Montreal’s SPCA cites the Boxer registration’s proof that a pit bull ban will not be effective. The SPCA says irresponsible owners should be targeted instead.
The Province of Ontario banned pit bulls in 2005 but recently said it doesn’t have statistics to show whether the ban has been effective at reducing dog bites.
Bill Thorn, from the Regina Humane Society, said that “there's really been no documented or proven instances of it where (breed-specific legislation) had the desired effect.”
The American Society for the Protection of Cruelty to Animals also opposes laws targeting pit bulls, pointing to Winnipeg as proof of the bans’ ineffectiveness.
The advocacy group says Rottweiler attacks “dramatically increased” in Winnipeg soon after the 1990 pit bull ban, while total dog bites “decreased significantly” after the bylaw was replaced in 2000 to target any dog deemed dangerous.

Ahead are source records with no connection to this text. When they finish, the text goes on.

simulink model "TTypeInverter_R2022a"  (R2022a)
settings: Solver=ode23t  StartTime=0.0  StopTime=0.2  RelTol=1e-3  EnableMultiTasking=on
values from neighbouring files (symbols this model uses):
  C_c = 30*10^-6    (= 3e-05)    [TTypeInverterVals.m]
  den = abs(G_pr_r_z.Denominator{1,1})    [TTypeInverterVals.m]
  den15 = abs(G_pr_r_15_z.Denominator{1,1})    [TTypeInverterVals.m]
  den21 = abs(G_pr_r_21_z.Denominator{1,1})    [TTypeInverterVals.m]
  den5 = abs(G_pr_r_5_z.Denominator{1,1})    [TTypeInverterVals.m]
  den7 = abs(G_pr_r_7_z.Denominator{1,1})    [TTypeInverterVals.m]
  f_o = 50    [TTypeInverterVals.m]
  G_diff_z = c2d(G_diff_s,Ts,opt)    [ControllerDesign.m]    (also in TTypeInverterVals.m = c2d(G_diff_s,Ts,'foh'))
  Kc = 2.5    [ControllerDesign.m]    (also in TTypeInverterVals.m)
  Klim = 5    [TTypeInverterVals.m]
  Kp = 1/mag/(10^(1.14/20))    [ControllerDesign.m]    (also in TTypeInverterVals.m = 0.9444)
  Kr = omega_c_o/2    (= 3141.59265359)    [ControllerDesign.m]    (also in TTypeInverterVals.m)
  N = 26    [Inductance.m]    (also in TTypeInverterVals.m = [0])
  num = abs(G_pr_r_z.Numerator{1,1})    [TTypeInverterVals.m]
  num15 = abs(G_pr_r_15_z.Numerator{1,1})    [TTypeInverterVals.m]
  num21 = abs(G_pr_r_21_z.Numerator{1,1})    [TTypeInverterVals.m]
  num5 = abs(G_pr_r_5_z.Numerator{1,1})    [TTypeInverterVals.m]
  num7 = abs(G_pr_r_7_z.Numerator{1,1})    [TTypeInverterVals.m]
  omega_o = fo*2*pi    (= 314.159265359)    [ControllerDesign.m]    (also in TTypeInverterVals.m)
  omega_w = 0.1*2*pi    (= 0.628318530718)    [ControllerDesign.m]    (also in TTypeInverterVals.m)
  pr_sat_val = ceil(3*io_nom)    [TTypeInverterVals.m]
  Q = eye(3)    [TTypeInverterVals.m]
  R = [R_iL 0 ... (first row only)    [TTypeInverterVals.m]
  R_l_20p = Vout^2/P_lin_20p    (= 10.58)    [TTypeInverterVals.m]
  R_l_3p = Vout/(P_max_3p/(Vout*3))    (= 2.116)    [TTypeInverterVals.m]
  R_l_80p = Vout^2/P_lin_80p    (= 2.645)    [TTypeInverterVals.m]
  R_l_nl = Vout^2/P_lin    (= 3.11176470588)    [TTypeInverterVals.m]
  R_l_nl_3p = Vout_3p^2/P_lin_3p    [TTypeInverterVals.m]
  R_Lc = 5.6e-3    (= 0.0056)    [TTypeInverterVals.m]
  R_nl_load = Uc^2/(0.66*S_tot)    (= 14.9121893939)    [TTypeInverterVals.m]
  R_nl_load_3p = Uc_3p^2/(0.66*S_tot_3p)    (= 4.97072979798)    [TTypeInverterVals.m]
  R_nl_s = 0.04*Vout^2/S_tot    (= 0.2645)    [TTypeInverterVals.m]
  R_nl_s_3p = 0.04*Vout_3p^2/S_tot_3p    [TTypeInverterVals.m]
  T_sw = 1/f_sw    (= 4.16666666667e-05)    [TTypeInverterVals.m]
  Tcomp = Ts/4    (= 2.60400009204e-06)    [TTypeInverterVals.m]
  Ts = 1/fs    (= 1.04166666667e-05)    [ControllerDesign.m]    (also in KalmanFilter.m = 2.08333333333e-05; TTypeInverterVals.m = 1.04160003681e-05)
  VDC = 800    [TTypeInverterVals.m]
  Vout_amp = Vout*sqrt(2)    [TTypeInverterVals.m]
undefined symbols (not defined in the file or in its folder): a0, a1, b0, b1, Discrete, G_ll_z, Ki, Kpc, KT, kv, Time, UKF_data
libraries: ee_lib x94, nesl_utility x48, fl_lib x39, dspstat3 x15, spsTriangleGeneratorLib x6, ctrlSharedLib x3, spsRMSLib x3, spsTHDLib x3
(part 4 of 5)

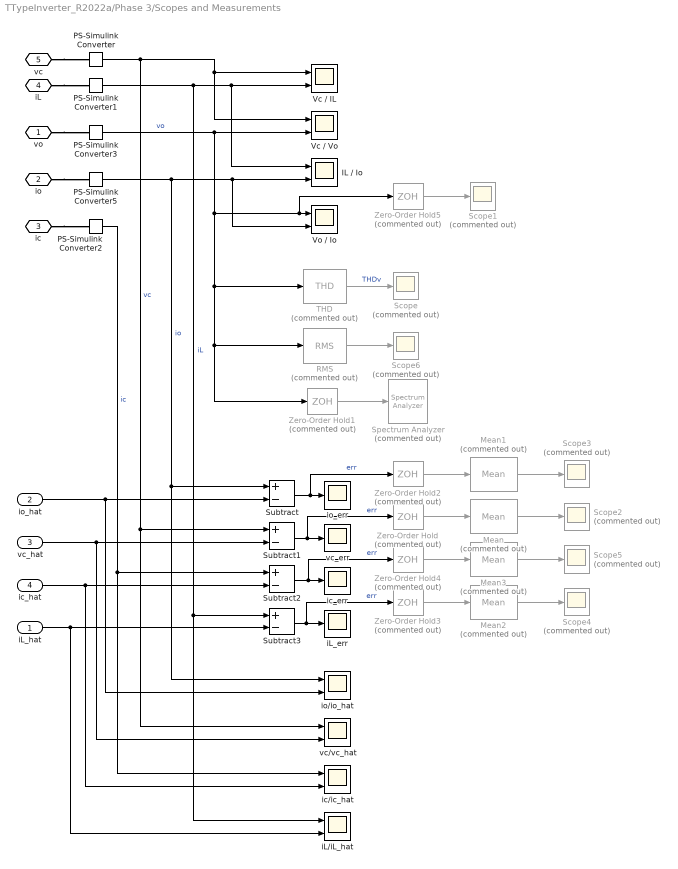
== system TTypeInverter_R2022a/Phase 3/Scopes and Measurements ==
  iL_hat : Inport
  io_hat : Inport  Port=2
  vc_hat : Inport  Port=3
  ic_hat : Inport  Port=4
  IL / Io : Scope  NumInputPorts=2
  Mean{,1..3} (4 alike) : dspstat3/Mean  Commented=on  run=on  InputProcessing=Columns as channels (frame based)  reset_popup=None  directionMode=Each column  dimension=1  roiEnable=off  roiType=Rectangles  roiPortion=Entire ROI  roiOutput=Individual statistics for each ROI  roiFlag=off  roundingMode=Floor  overflowMode=off  outputDataTypeStr=Inherit: Same as accumulator  outputMin=[]  outputMax=[]  outputLastDataTypeStr=Inherit: Same as accumulator
  PS-Simulink Converter{,1..3,5} (5 alike) : nesl_utility/PS-Simulink Converter  PhysicalDomain=network_engine_domain  SubClassName=ps_output  LeftPortType=input  RightPortType=output  PseudoPeriodic=off  Frequencies=[]  VectorFormat=inherit  Unit=inherit  AffineConversion=off
      settings: SourceProductBaseCode=SS,PW,VE
  RMS : spsRMSLib/RMS  Commented=on  TrueRMS=on  Freq=100  RMSInit=230  Ts=0
  Scope{,1..6} (7 alike) : Scope  Commented=on
  Spectrum Analyzer : SpectrumAnalyzer  Commented=on
  Subtract{,1..3} (4 alike) : Sum  Inputs=+-
  THD : spsTHDLib/THD  Commented=on  Freq=50  Ts=0
      settings: SourceProductBaseCode=PS
  Vc / IL : Scope  NumInputPorts=2
  Vc / Vo : Scope  NumInputPorts=2
  Vo / Io : Scope  NumInputPorts=2
  Zero-Order Hold{,2..4} (4 alike) : ZeroOrderHold  Commented=on  SampleTime=Ts/10
  Zero-Order Hold1 : ZeroOrderHold  Commented=on  SampleTime=1/100000
  Zero-Order Hold5 : ZeroOrderHold  Commented=on  SampleTime=T_sw/500
  iL/iL_hat : Scope  NumInputPorts=2
  iL_err : Scope
  ic/ic_hat : Scope  NumInputPorts=2
  ic_err : Scope
  io/io_hat : Scope  NumInputPorts=2
  io_err : Scope
  vc/vc_hat : Scope  NumInputPorts=2
  vc_err : Scope
  vo : PMIOPort  Side=Left
  io : PMIOPort  Port=2  Side=Left
  ic : PMIOPort  Port=3  Side=Left
  iL : PMIOPort  Port=4  Side=Left
  vc : PMIOPort  Port=5  Side=Left
  wires:
  PS-Simulink Converter1/1 -> iL/iL_hat/1, Subtract3/1, IL / Io/1, Vc / IL/2  "iL"
  PS-Simulink Converter/1 -> vc/vc_hat/1, Subtract1/1, Vc / Vo/1, Vc / IL/1  "vc"
  THD/1 -> Scope/1  "THDv"
  PS-Simulink Converter5/1 -> io/io_hat/1, Subtract/1, Vo / Io/2, IL / Io/2  "io"
  Zero-Order Hold1/1 -> Spectrum Analyzer/1
  io_hat/1 -> io/io_hat/2, Subtract/2
  Subtract/1 -> Zero-Order Hold2/1, io_err/1  "err"
  ic_hat/1 -> ic/ic_hat/2, Subtract2/2
  vc_hat/1 -> vc/vc_hat/2, Subtract1/2
  Subtract1/1 -> Zero-Order Hold/1, vc_err/1  "err"
  PS-Simulink Converter2/1 -> ic/ic_hat/1, Subtract2/1  "ic"
  Subtract2/1 -> Zero-Order Hold4/1, ic_err/1  "err"
  Mean/1 -> Scope2/1
  Zero-Order Hold/1 -> Mean/1
  Mean1/1 -> Scope3/1
  Zero-Order Hold2/1 -> Mean1/1
  iL_hat/1 -> iL/iL_hat/2, Subtract3/2
  Subtract3/1 -> Zero-Order Hold3/1, iL_err/1  "err"
  Mean2/1 -> Scope4/1
  Zero-Order Hold3/1 -> Mean2/1
  Mean3/1 -> Scope5/1
  Zero-Order Hold4/1 -> Mean3/1
  RMS/1 -> Scope6/1
  PS-Simulink Converter3/1 -> Vc / Vo/2, Zero-Order Hold5/1, Vo / Io/1, THD/1, RMS/1, Zero-Order Hold1/1  "vo"
  Zero-Order Hold5/1 -> Scope1/1
  connections:
  vc/RConn1 -- PS-Simulink Converter/LConn1
  iL/RConn1 -- PS-Simulink Converter1/LConn1
  vo/RConn1 -- PS-Simulink Converter3/LConn1
  io/RConn1 -- PS-Simulink Converter5/LConn1
  ic/RConn1 -- PS-Simulink Converter2/LConn1

== system TTypeInverter_R2022a/Phase 1/Controllers/Current Controller ==
  iL : Inport
  In : Inport  Port=2
  Add : Sum  Inputs=+++++
  Gain : Gain  Commented=on  Gain=kv
  Impulse Invariant PR - HC15 : Subsystem
  Impulse Invariant PR - HC21 : Subsystem
  Impulse Invariant PR - HC5 : Subsystem
  Impulse Invariant PR - HC7 : Subsystem
  Lead-Lag : Subsystem  Commented=on
  Lead-Lag Net : DiscreteTransferFcn  Commented=on  Numerator=G_ll_z.Numerator{1,1}  Denominator=G_ll_z.Denominator{1,1}  SampleTime=Ts
  P Controller : Gain  Gain=Kc
  PI Controller : Subsystem  Commented=on
  Variable Gain : MATLAB Function  TreatAsAtomicUnit=on
  Out : Outport
  wires:
  Impulse Invariant PR - HC5/1(Out) -> Add/2
  Impulse Invariant PR - HC7/1(Out) -> Add/3
  Gain/1 -> Lead-Lag Net/1
  iL/1 -> Variable Gain/1(iL)
  Add/1 -> Out/1
  P Controller/1 -> Add/1
  In/1 -> Variable Gain/2(e_in)
  Variable Gain/1(e_out) -> P Controller/1, Impulse Invariant PR - HC21/1(e_out), Impulse Invariant PR - HC15/1(e_out), Impulse Invariant PR - HC7/1(In), Impulse Invariant PR - HC5/1(In)
  Impulse Invariant PR - HC15/1(Out) -> Add/4
  Impulse Invariant PR - HC21/1(Out) -> Add/5

== system TTypeInverter_R2022a/Phase 1/Controllers/Voltage Controller ==
  note: Pre-warped Tustin PR with HC
  In : Inport
  Add : Sum
  Fifth Harmonic : Subsystem  Commented=on
  Fundamental : Subsystem  Commented=on
  Impulse Invariant PR - Fundamental : Subsystem
  Multiply2 : Gain  Gain=Kp
  Non-prewarped Tustin-based PR : Subsystem  Commented=on
  Saturation : Saturate  UpperLimit=pr_sat_val  LowerLimit=-pr_sat_val
  Seventh Harmonic : Subsystem  Commented=on
  Sum1 : Sum  Inputs=-|+
  Third Harmonic : Subsystem  Commented=on
  Out : Outport
  wires:
  Multiply2/1 -> Add/1
  Saturation/1 -> Out/1, Sum1/1
  Add/1 -> Saturation/1, Sum1/2
  Impulse Invariant PR - Fundamental/1(Out) -> Add/2
  Sum1/1 -> Impulse Invariant PR - Fundamental/2(Anti-Windup)
  In/1 -> Impulse Invariant PR - Fundamental/1(e_out), Multiply2/1

== system TTypeInverter_R2022a/Phase 1/Kalman Filter - Unscented/Unscented Kalman Filter ==
  u : Inport
  y : Inport  Port=2
  Constant : Constant  Value=UKF_data.x_0_l1  VectorParams1D=off
  Constant1 : Constant  Value=UKF_data.P_0  VectorParams1D=off
  Constant4 : Constant  Value=UKF_data.y_0_l1  VectorParams1D=off
  Delay : Delay  DelayLength=1  InitialConditionSource=Input port  SampleTime=Ts
      settings: InputPortMap=u0,p4
  Delay1 : Delay  DelayLength=1  InitialConditionSource=Input port  SampleTime=Ts
      settings: InputPortMap=u0,p4
  Delay4 : Delay  DelayLength=1  InitialConditionSource=Input port  SampleTime=Ts
      settings: InputPortMap=u0,p4
  Demux : Demux  Outputs=2
  Demux1 : Demux  Outputs=3
  Predict Step : MATLAB Function  TreatAsAtomicUnit=on  mask{UKF_struct=UKF_data}
      mask prompts: UKF_struct "Data Structure"
  Scope : Scope  NumInputPorts=2
  Scope1 : Scope  NumInputPorts=3
  Update Step : MATLAB Function  TreatAsAtomicUnit=on  mask{UKF_struct=UKF_data}
      mask prompts: UKF_struct "Data Structure"
  xhat : Outport
  yhat : Outport  Port=2
  wires:
  Constant/1 -> Delay/2
  Constant1/1 -> Delay1/2
  Update Step/1(yhat) -> yhat/1
  Delay1/1 -> Update Step/3(P_minus)
  u/1 -> Predict Step/3(u_k)
  Predict Step/3(xhat_minus) -> Demux1/1, Delay/1
  Predict Step/2(P_minus) -> Delay1/1
  Delay/1 -> Update Step/4(xhat_minus)
  Constant4/1 -> Delay4/2
  Predict Step/1(yhat_minus) -> Delay4/1, Demux/1
  Delay4/1 -> Update Step/2(yhat_minus)
  y/1 -> Update Step/1(y)
  Demux/1 -> Scope/1  "iL"
  Demux/2 -> Scope/2  "vc"
  Demux1/1 -> Scope1/1  "iL"
  Demux1/2 -> Scope1/2  "vcap"
  Demux1/3 -> Scope1/3  "ic"
  Update Step/2(xhat) -> Predict Step/1(xhat_k), xhat/1
  Update Step/3(P) -> Predict Step/2(P_k)

== system TTypeInverter_R2022a/Phase 2/Controllers/Current Controller ==
  iL : Inport
  In : Inport  Port=2
  Add : Sum  Inputs=+++++
  Gain : Gain  Commented=on  Gain=kv
  Impulse Invariant PR - HC15 : Subsystem
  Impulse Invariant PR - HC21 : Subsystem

Rottweilers were the second most likely breed to kill, according to a landmark CDC study that looked at reported fatalities from 1979 and 1996. The study found 70 out of 199 deaths from dogs were from pit bull or pit bull crossbreeds, while 31 were from Rottweiler or Rottweiler crossbreeds.
Researchers at the University of Manitoba studied Winnipeg’s pit bull ban and found that hospitalizations for dog bites went down overall in Manitoba after Winnipeg’s ban. They also found per-capita hospitalizations from dog bites were lower in Winnipeg than in the Brandon, Man., which did not have a ban.